Fall of Qing Dynasty
The nineteen century witnessed the decline of the Qing dynasty. A loser of the Opium War of 1842, the Qing government fully exposed its weakness and inefficiency when fighting against the foreign powers and signing the “Unequal Treaties” afterwards. The Sino-Japanese War of 1895 and the Boxer Rebellion of 1900 further humiliated the imperial government. The defeat by Japanese troop was followed by a period in which the great powers scrambled for privileges in China, exacting lease territories, railroad concessions and mining rights, and carving out their respective “spheres of influence.” The intensifying imperialist aggression and threat of dismemberment created a life-or-death crisis for the Chinese people.
Cixi, the Empress Dowager, belatedly came to realize that reform was the only way to save the Manchu rule from falling. She turned first to the education system and abolished the civil service examinations, which had existed for thousands of years in China's imperial governance. The Qing Court sent many young people to study abroad hoping they could use what they learned from the West to save the regime. However, the outcome was contradictory to the Qing dynasty’s expectations. Those young people, once exposed to the advancement and modernization in the west, felt deeply that the corrupt and incompetent Qing Court was the root of the backwardness and weakness at home. A lot of them transformed themselves into revolutionaries who opposed the Qing’s rule in China. Some invariably became radicals and increasingly became convinced that for China to restore her past glory and to catch-up to the modern world, the Qing court, whose incompetence had been proven, must go.
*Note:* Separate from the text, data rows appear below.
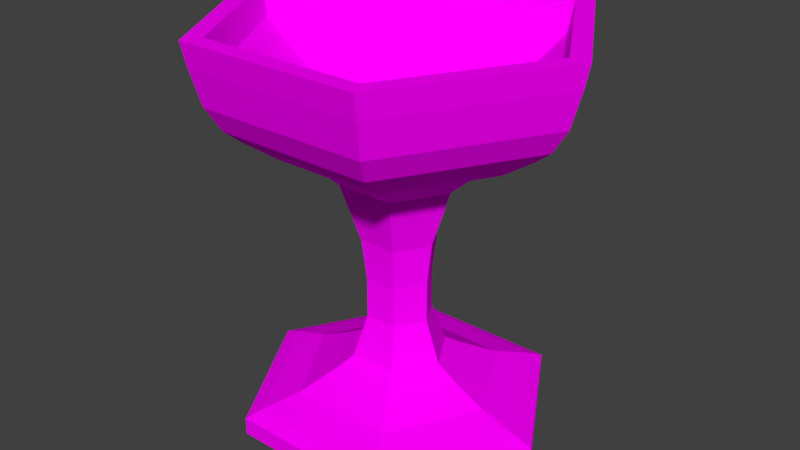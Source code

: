 # Source: grail.blend  (saved by Blender 2.79.0; exported with 4.5.12 LTS)
import bpy
from mathutils import Matrix  # noqa: F401  (used for matrix-valued properties, if any)

bpy.ops.wm.read_factory_settings(use_empty=True)
scene = bpy.context.scene
scene.name = 'Scene'

# ---- collections
col_collection_1 = bpy.data.collections.new('Collection 1'); scene.collection.children.link(col_collection_1)

# ---- images (referenced by path relative to the original .blend; pixels are not part of the script)
import os
ASSET_DIR = os.environ.get("B2B_ASSET_DIR", "")  # directory of the original .blend (textures are referenced by path, not embedded)
HERE = os.path.dirname(os.path.abspath(__file__))  # packed textures are extracted next to this script under _unpacked/

def load_image(name, relpath, width, height, colorspace="sRGB"):
    """Load a texture the original file referenced (path relative to the .blend, or extracted next to this script)."""
    p = next((c for c in (os.path.join(HERE, relpath), os.path.join(ASSET_DIR, relpath)) if relpath and os.path.exists(c)), "")
    if p:
        img = bpy.data.images.load(p, check_existing=True)
        img.name = name
    else:  # same state as the original file: an image datablock whose file is absent (Cycles renders it pink)
        img = bpy.data.images.new(name, width, height)
        img.source = "FILE"
        img.filepath = "//" + (relpath or name)
    img.colorspace_settings.name = colorspace
    return img
img_gold_jpg_001 = load_image('gold.jpg.001', 'gold.jpg', 1024, 1024, 'sRGB')

# ---- materials (node trees are filled in below, after node groups)
mat_material = bpy.data.materials.new('Material')
mat_material.alpha_threshold = 0.0
mat_material.roughness = 0.5

# ---- material node trees
mat_material.use_nodes = True; mat_material.node_tree.nodes.clear()
_N = mat_material.node_tree.nodes; _L = mat_material.node_tree.links
n0 = _N.new('ShaderNodeOutputMaterial'); n0.name = 'Material Output'; n0.location = (300, 300)
n1 = _N.new('ShaderNodeBsdfDiffuse'); n1.name = 'Diffuse BSDF'; n1.location = (10, 300)
n2 = _N.new('ShaderNodeTexImage'); n2.name = 'Image Texture'; n2.location = (-180, 300)
n2.width = 140
n2.image = img_gold_jpg_001
_L.new(n1.outputs[0], n0.inputs[0])
_L.new(n2.outputs[0], n1.inputs[0])
n0.is_active_output = True

# ---- world
world_world = bpy.data.worlds.new('World'); scene.world = world_world
world_world.color = (0.05088, 0.05088, 0.05088)
world_world.use_sun_shadow = False
world_world.sun_shadow_jitter_overblur = 0.0
world_world.cycles.sampling_method = 'MANUAL'

# ---- meshes
me_cube = bpy.data.meshes.new('Cube')
me_cube.from_pydata([(0.7084, 0.0, 0.743), (0.7084, 0.0, 0.5081), (0.119, -0.2061, 0.5374), (0.2056, -0.3562, 0.5668), (0.2923, -0.5063, 0.6549), (0.3542, -0.6135, 0.743), (0.4037, -0.6993, 0.8311), (0.4161, -0.7207, 0.978), (0.4656, -0.8065, 0.978), (0.4532, -0.785, 0.8605), (0.4285, -0.7422, 0.6843), (0.3913, -0.6778, 0.5668), (0.3542, -0.6135, 0.5081), (0.2755, -0.4771, 0.4037), (0.1933, -0.3347, 0.3318), (0.1437, -0.249, 0.2437), (0.119, -0.2061, 0.09688), (0.09423, -0.1632, -0.04997), (0.08185, -0.1418, -0.2556), (0.08185, -0.1418, -0.4611), (0.119, -0.2061, -0.6667), (0.1685, -0.2919, -0.7255), (0.2552, -0.442, -0.8136), (0.3542, -0.6135, -0.8723), (0.3913, -0.6778, -0.9017), (0.3913, -0.6778, -0.9898), (0.2304, -0.3991, -0.9311), (0.04471, -0.07744, -0.9017), (-0.119, -0.2061, 0.5374), (-0.2056, -0.3562, 0.5668), (-0.2923, -0.5063, 0.6549), (-0.3542, -0.6135, 0.743), (-0.4037, -0.6993, 0.8311), (-0.4161, -0.7207, 0.978), (-0.4656, -0.8065, 0.978), (-0.4532, -0.785, 0.8605), (-0.4285, -0.7422, 0.6843), (-0.3913, -0.6778, 0.5668), (-0.3542, -0.6135, 0.5081), (-0.2755, -0.4771, 0.4037), (-0.1933, -0.3347, 0.3318), (-0.1437, -0.249, 0.2437), (-0.119, -0.2061, 0.09688), (-0.09423, -0.1632, -0.04997), (-0.08185, -0.1418, -0.2556), (-0.08185, -0.1418, -0.4611), (-0.119, -0.2061, -0.6667), (-0.1685, -0.2919, -0.7255), (-0.2552, -0.442, -0.8136), (-0.3542, -0.6135, -0.8723), (-0.3913, -0.6778, -0.9017), (-0.3913, -0.6778, -0.9898), (-0.2304, -0.3991, -0.9311), (-0.04471, -0.07744, -0.9017), (-0.238, 3.69e-08, 0.5374), (-0.4113, 7.379e-08, 0.5668), (-0.5846, 9.224e-08, 0.6549), (-0.7084, 9.224e-08, 0.743), (-0.8075, 1.476e-07, 0.8311), (-0.8322, 7.379e-08, 0.978), (-0.9313, 1.845e-07, 0.978), (-0.9065, 1.476e-07, 0.8605), (-0.857, 1.845e-07, 0.6843), (-0.7827, 1.476e-07, 0.5668), (-0.7084, 9.224e-08, 0.5081), (-0.5509, 7.266e-08, 0.4037), (-0.3865, 9.224e-08, 0.3318), (-0.2875, 3.69e-08, 0.2437), (-0.238, 3.69e-08, 0.09688), (-0.1885, 3.69e-08, -0.04997), (-0.1637, 3.69e-08, -0.2556), (-0.1637, 3.69e-08, -0.4611), (-0.238, 3.69e-08, -0.6667), (-0.337, 5.534e-08, -0.7255), (-0.5103, 9.224e-08, -0.8136), (-0.7084, 9.224e-08, -0.8723), (-0.7827, 1.476e-07, -0.9017), (-0.7827, 1.476e-07, -0.9898), (-0.4608, 7.379e-08, -0.9311), (-0.08941, 1.845e-08, -0.9017), (-0.119, 0.2061, 0.5374), (-0.2056, 0.3562, 0.5668), (-0.2923, 0.5063, 0.6549), (-0.3542, 0.6135, 0.743), (-0.4037, 0.6993, 0.8311), (-0.4161, 0.7207, 0.978), (-0.4656, 0.8065, 0.978), (-0.4532, 0.785, 0.8605), (-0.4285, 0.7422, 0.6843), (-0.3913, 0.6778, 0.5668), (-0.3542, 0.6135, 0.5081), (-0.2755, 0.4771, 0.4037), (-0.1933, 0.3347, 0.3318), (-0.1437, 0.249, 0.2437), (-0.119, 0.2061, 0.09688), (-0.09423, 0.1632, -0.04997), (-0.08185, 0.1418, -0.2556), (-0.08185, 0.1418, -0.4611), (-0.119, 0.2061, -0.6667), (-0.1685, 0.2919, -0.7255), (-0.2552, 0.442, -0.8136), (-0.3542, 0.6135, -0.8723), (-0.3913, 0.6778, -0.9017), (-0.3913, 0.6778, -0.9898), (-0.2304, 0.3991, -0.9311), (-0.04471, 0.07744, -0.9017), (0.119, 0.2061, 0.5374), (0.2056, 0.3562, 0.5668), (0.2923, 0.5063, 0.6549), (0.3542, 0.6135, 0.743), (0.4037, 0.6993, 0.8311), (0.4161, 0.7207, 0.978), (0.4656, 0.8065, 0.978), (0.4532, 0.785, 0.8605), (0.4285, 0.7422, 0.6843), (0.3913, 0.6778, 0.5668), (0.3542, 0.6135, 0.5081), (0.2755, 0.4771, 0.4037), (0.1933, 0.3347, 0.3318), (0.1437, 0.249, 0.2437), (0.119, 0.2061, 0.09688), (0.09423, 0.1632, -0.04997), (0.08185, 0.1418, -0.2556), (0.08185, 0.1418, -0.4611), (0.119, 0.2061, -0.6667), (0.1685, 0.2919, -0.7255), (0.2552, 0.442, -0.8136), (0.3542, 0.6135, -0.8723), (0.3913, 0.6778, -0.9017), (0.3913, 0.6778, -0.9898), (0.2304, 0.3991, -0.9311), (0.04471, 0.07744, -0.9017), (0.238, -7.379e-08, 0.5374), (0.4113, -1.66e-07, 0.5668), (0.5846, -1.845e-07, 0.6549), (0.8075, -2.952e-07, 0.8311), (0.8322, -1.845e-07, 0.978), (0.9313, -3.321e-07, 0.978), (0.9065, -2.583e-07, 0.8605), (0.857, -3.321e-07, 0.6843), (0.7827, -2.583e-07, 0.5668), (0.5509, -1.633e-07, 0.4037), (0.3865, -1.66e-07, 0.3318), (0.2875, -9.224e-08, 0.2437), (0.238, -7.379e-08, 0.09688), (0.1885, -6.457e-08, -0.04997), (0.1637, -6.918e-08, -0.2556), (0.1637, -6.918e-08, -0.4611), (0.238, -7.379e-08, -0.6667), (0.337, -1.015e-07, -0.7255), (0.5103, -1.66e-07, -0.8136), (0.7084, -2.214e-07, -0.8723), (0.7827, -2.583e-07, -0.9017), (0.7827, -2.583e-07, -0.9898), (0.4608, -1.476e-07, -0.9311), (0.08941, -3.228e-08, -0.9017)], [], [(133, 3, 4, 134), (146, 18, 19, 147), (140, 11, 12, 1), (154, 26, 27, 155), (134, 4, 5, 0), (147, 19, 20, 148), (1, 12, 13, 141), (0, 5, 6, 135), (148, 20, 21, 149), (141, 13, 14, 142), (135, 6, 7, 136), (149, 21, 22, 150), (142, 14, 15, 143), (136, 7, 8, 137), (150, 22, 23, 151), (143, 15, 16, 144), (137, 8, 9, 138), (151, 23, 24, 152), (144, 16, 17, 145), (138, 9, 10, 139), (152, 24, 25, 153), (132, 2, 3, 133), (145, 17, 18, 146), (139, 10, 11, 140), (153, 25, 26, 154), (15, 41, 42, 16), (8, 34, 35, 9), (23, 49, 50, 24), (16, 42, 43, 17), (9, 35, 36, 10), (24, 50, 51, 25), (2, 28, 29, 3), (17, 43, 44, 18), (10, 36, 37, 11), (25, 51, 52, 26), (3, 29, 30, 4), (18, 44, 45, 19), (11, 37, 38, 12), (26, 52, 53, 27), (4, 30, 31, 5), (19, 45, 46, 20), (12, 38, 39, 13), (5, 31, 32, 6), (20, 46, 47, 21), (13, 39, 40, 14), (6, 32, 33, 7), (21, 47, 48, 22), (14, 40, 41, 15), (7, 33, 34, 8), (22, 48, 49, 23), (42, 68, 69, 43), (35, 61, 62, 36), (50, 76, 77, 51), (28, 54, 55, 29), (43, 69, 70, 44), (36, 62, 63, 37), (51, 77, 78, 52), (29, 55, 56, 30), (44, 70, 71, 45), (37, 63, 64, 38), (52, 78, 79, 53), (30, 56, 57, 31), (45, 71, 72, 46), (38, 64, 65, 39), (31, 57, 58, 32), (46, 72, 73, 47), (39, 65, 66, 40), (32, 58, 59, 33), (47, 73, 74, 48), (40, 66, 67, 41), (33, 59, 60, 34), (48, 74, 75, 49), (41, 67, 68, 42), (34, 60, 61, 35), (49, 75, 76, 50), (76, 102, 103, 77), (54, 80, 81, 55), (69, 95, 96, 70), (62, 88, 89, 63), (77, 103, 104, 78), (55, 81, 82, 56), (70, 96, 97, 71), (63, 89, 90, 64), (78, 104, 105, 79), (56, 82, 83, 57), (71, 97, 98, 72), (64, 90, 91, 65), (57, 83, 84, 58), (72, 98, 99, 73), (65, 91, 92, 66), (58, 84, 85, 59), (73, 99, 100, 74), (66, 92, 93, 67), (59, 85, 86, 60), (74, 100, 101, 75), (67, 93, 94, 68), (60, 86, 87, 61), (75, 101, 102, 76), (68, 94, 95, 69), (61, 87, 88, 62), (88, 114, 115, 89), (103, 129, 130, 104), (81, 107, 108, 82), (96, 122, 123, 97), (89, 115, 116, 90), (104, 130, 131, 105), (82, 108, 109, 83), (97, 123, 124, 98), (90, 116, 117, 91), (83, 109, 110, 84), (98, 124, 125, 99), (91, 117, 118, 92), (84, 110, 111, 85), (99, 125, 126, 100), (92, 118, 119, 93), (85, 111, 112, 86), (100, 126, 127, 101), (93, 119, 120, 94), (86, 112, 113, 87), (101, 127, 128, 102), (94, 120, 121, 95), (87, 113, 114, 88), (102, 128, 129, 103), (80, 106, 107, 81), (95, 121, 122, 96), (115, 140, 1, 116), (130, 154, 155, 131), (108, 134, 0, 109), (123, 147, 148, 124), (116, 1, 141, 117), (109, 0, 135, 110), (124, 148, 149, 125), (117, 141, 142, 118), (110, 135, 136, 111), (125, 149, 150, 126), (118, 142, 143, 119), (111, 136, 137, 112), (126, 150, 151, 127), (119, 143, 144, 120), (112, 137, 138, 113), (127, 151, 152, 128), (120, 144, 145, 121), (113, 138, 139, 114), (128, 152, 153, 129), (106, 132, 133, 107), (121, 145, 146, 122), (114, 139, 140, 115), (129, 153, 154, 130), (107, 133, 134, 108), (122, 146, 147, 123), (28, 2, 80, 54), (27, 53, 131, 155), (53, 79, 105, 131), (2, 132, 106, 80)])
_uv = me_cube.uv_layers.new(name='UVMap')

There are a variety of contributing factors to the Qing's fall. Some western scholars emphasized the social changes that took place as a consequence of the mid-19th century rebellions. According to them, changes happened to the gentry, the traditional elite in terms of size and composition. Frederic Wakeman has suggested that in the past, the difference in status and function between the upper and lower gentry had been so great that the Qing court had been able to exploit it. However, after the mid-19th century rebellions, the upper and lower gentry began to form a mutually advantageous alliance. The gentry group also formed another alliance with the merchants. In the late 19th century, the gap between those two groups narrowed, which showed itself in the rise of the merchants’ status and the involvement of the gentry in projects relating to mining, railways, and other industries. The "merchant-gentry alliance" was very unhappy with the Qing government since it had ceded the railway and mining rights to the foreign powers. They wanted those rights back to use the Chinese capital to establish private companies to open mines and build railways. The widespread movement for the protection of railway and mining rights that began around 1903 was an example.
China mainland scholars tend to think that the anti-Manchu sentiment motivated the revolutionaries to overthrow the Qing dynasty. China had long been governed by the Han people until the Qing dynasty came to the power. Manchu people, who were once called the "barbarous group" by the Han people, enjoyed political and economic privileges that the Han couldn't have in the Qing's government. In the late 19th century, the anti-Manchu attitude was intensified by the inability of the Manchu government to cope with the onslaught of imperialism from the West. Sun Yat-sen once said that when he first advanced the Principle of Nationalism, he won responses mostly from secret societies but "seldom from the middle-and-above social strata." Shortly afterwards, however, "progressive ideas prevailed and nationalism spread at a tremendous pace, penetrating into every stratum of society. Almost everyone came to realize the necessity of waging a revolution."
1. R. Keith Schoppa, Twentieth Century China. Oxford: Oxford University Press, 2004.
2. Frederic E. Wakeman, The Fall of Imperial China. New York: Free Press, 1975.
2. Sheng Hu, "Anti-imperialism, democarcy and industrialization in the 1911 Revolution," in The 1911 Revolution: A Retrospective After 70 years, 9-25. Beijing: New World Press, 1983.
3. Shu Li, "A Re-Assessment of Some Questions Concerning the 1911 Revolution." in The 1911 Revolution: A Retrospective After 70 years, 67-127. Beijing: New World Press, 1983.